设直线$L$由方程组
\[\left\{ \begin{gathered} {A_1}x + {B_1}x + {C_1}x + {D_1} = 0\begin{array}{*{20}{c}} {}&{} \end{array}\left( 1 \right) \hfill \\ {A_2}x + {B_2}x + {C_2}x + {D_2} = 0\begin{array}{*{20}{c}} {}&{} \end{array}\left( 2 \right) \hfill \\ \end{gathered} \right.\]所确定,其中系数${A_1}$、${B_1}$、${B_1}$与${A_2}$、${B_2}$、${B_2}$不成比例.(若成比例,两平面将平行或重合,从而不会相交形成直线$L$.)建立三元一次方程
$$\eqalign{ & {A_1}x + {B_1}x + {C_1}x + {D_1} + \cr & \lambda ({A_2}x + {B_2}x + {C_2}x + {D_2}) = 0\mathop {}\limits^{} \left( 3 \right) \cr} $$其中$\lambda $为任意常数. ${A_1}$、${B_1}$、${B_1}$与${A_2}$、${B_2}$、${B_2}$不成比例,所以对于任何一个$\lambda $,方程(3)的系数${A_1} + \lambda {A_2},{B_1} + \lambda {B_2},{C_1} + \lambda {C_2}$不全为零.成比例时,有
$$\frac{{{A_1}}}{{{A_2}}} = \frac{{{B_1}}}{{{B_2}}} = \frac{{{C_1}}}{{{C_2}}} = k$$则
$$\eqalign{ & {A_1} = k{A_2},{B_1} = k{B_2},{C_1} = k{C_2} \cr & {A_1} + \lambda {A_2} = {B_1} + \lambda {B_2} \cr & = {C_1} + \lambda {C_2} = 0 \cr & k{A_2} + \lambda {A_2} = k{B_2} + \lambda {B_2} \cr & = k{C_2} + \lambda {C_2} = 0 \cr} $$$k = - \lambda $时,方程(3)的系数全为零.

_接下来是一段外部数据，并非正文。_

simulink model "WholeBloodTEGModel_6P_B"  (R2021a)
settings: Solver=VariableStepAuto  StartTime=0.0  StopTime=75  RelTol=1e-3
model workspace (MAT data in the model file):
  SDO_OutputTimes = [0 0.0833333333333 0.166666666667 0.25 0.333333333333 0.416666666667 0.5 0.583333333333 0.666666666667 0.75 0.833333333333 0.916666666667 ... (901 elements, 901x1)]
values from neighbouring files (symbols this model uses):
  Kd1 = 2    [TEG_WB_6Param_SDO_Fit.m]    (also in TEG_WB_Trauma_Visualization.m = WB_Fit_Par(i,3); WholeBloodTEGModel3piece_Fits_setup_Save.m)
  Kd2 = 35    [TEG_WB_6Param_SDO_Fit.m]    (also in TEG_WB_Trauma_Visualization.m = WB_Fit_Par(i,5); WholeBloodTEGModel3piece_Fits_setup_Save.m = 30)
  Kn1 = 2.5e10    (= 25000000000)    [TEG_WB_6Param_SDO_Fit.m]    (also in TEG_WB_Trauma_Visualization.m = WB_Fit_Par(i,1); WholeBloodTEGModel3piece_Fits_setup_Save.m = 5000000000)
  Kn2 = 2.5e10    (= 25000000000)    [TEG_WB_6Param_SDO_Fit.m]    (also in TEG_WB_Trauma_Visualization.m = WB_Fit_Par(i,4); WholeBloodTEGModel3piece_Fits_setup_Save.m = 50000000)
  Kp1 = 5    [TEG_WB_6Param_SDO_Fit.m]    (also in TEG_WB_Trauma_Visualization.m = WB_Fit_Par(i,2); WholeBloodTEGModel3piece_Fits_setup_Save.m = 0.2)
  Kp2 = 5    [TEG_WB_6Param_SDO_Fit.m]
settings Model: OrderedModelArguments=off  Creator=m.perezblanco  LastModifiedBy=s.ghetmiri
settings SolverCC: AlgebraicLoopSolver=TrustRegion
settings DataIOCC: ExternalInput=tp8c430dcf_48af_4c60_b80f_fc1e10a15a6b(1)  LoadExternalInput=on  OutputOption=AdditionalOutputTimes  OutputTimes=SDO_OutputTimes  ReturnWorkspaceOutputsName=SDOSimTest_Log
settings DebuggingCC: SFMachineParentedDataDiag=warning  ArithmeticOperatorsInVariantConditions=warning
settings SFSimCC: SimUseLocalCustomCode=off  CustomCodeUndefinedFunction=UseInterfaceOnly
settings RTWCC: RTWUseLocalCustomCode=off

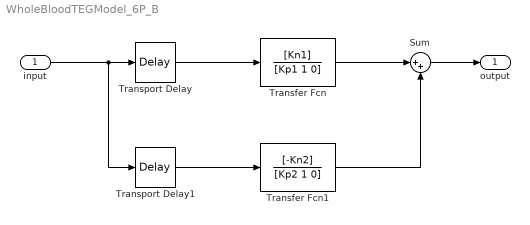
== system WholeBloodTEGModel_6P_B ==
  input : Inport
  Sum : Sum  Inputs=|++
  Transfer Fcn : TransferFcn  Numerator=[Kn1]  Denominator=[Kp1 1 0]
  Transfer Fcn1 : TransferFcn  Numerator=[-Kn2]  Denominator=[Kp2 1 0]
  Transport Delay : TransportDelay  DelayTime=Kd1
  Transport Delay1 : TransportDelay  DelayTime=Kd2
  output : Outport  SignalName=y  VectorParamsAs1DForOutWhenUnconnected=off
  wires:
  input/1 -> Transport Delay1/1, Transport Delay/1
  Transport Delay/1 -> Transfer Fcn/1
  Sum/1 -> output/1
  Transfer Fcn/1 -> Sum/1
  Transfer Fcn1/1 -> Sum/2
  Transport Delay1/1 -> Transfer Fcn1/1

方程(3)的系数${A_1} + \lambda {A_2},{B_1} + \lambda {B_2},{C_1} + \lambda {C_2}$不全为零时,方程(3)表示一个平面,若一点在直线$L$上,则点的坐标必定同时满足方程(1),(2),(3),故方程(3)表示过直线$L$的平面,且对应于不同的$\lambda $值,方程(3)表示通过直线$L$的不同平面.反之,通过直线$L$的任何平面(除了平面(2)外)都包含在方程(3)表示的一族平面内.
为什么不包括平面(2)呢?
假设包含平面(2),则
\[\begin{gathered} {A_1}x + {B_1}y + {C_1}z + {D_1} \hfill \\ + \lambda \left( {{A_2}x + {B_2}y + {C_2}z + {D_2}} \right) = 0 \hfill \\ {A_1}x + {B_1}y + {C_1}z + {D_1} \hfill \\ + \lambda {A_2}x + \lambda {B_2}y + \lambda {C_2}z + \lambda {D_2} = 0 \hfill \\ \left( {{A_1} + \lambda {A_2}} \right)x + \left( {{B_1} + \lambda {B_2}} \right)y \hfill \\ + \left( {{C_1} + \lambda {C_2}} \right)z + \left( {{D_1} + \lambda {D_2}} \right) = 0 \hfill \\ \left\{ \begin{gathered} {A_1} + \lambda {A_2} = {A_2} \hfill \\ {B_1} + \lambda {B_2} = {B_2} \hfill \\ {C_1} + \lambda {C_2} = {C_2} \hfill \\ {D_1} + \lambda {D_2} = {D_2} \hfill \\ \end{gathered} \right. \hfill \\ \Rightarrow \left\{ \begin{gathered} \frac{{{A_1}}}{{{A_2}}} = 1 - \lambda \hfill \\ \frac{{{B_1}}}{{{B_2}}} = 1 - \lambda \hfill \\ \frac{{{C_1}}}{{{C_2}}} = 1 - \lambda \hfill \\ \frac{{{D_1}}}{{{D_2}}} = 1 - \lambda \hfill \\ \end{gathered} \right. \hfill \\ \Rightarrow \frac{{{A_1}}}{{{A_2}}} = \frac{{{B_1}}}{{{B_2}}} = \frac{{{C_1}}}{{{C_2}}} = \frac{{{D_1}}}{{{D_2}}} \hfill \\ = 1 - \lambda \hfill \\ \end{gathered} \]这与系数不成比例矛盾,故平面束不包含平面(2).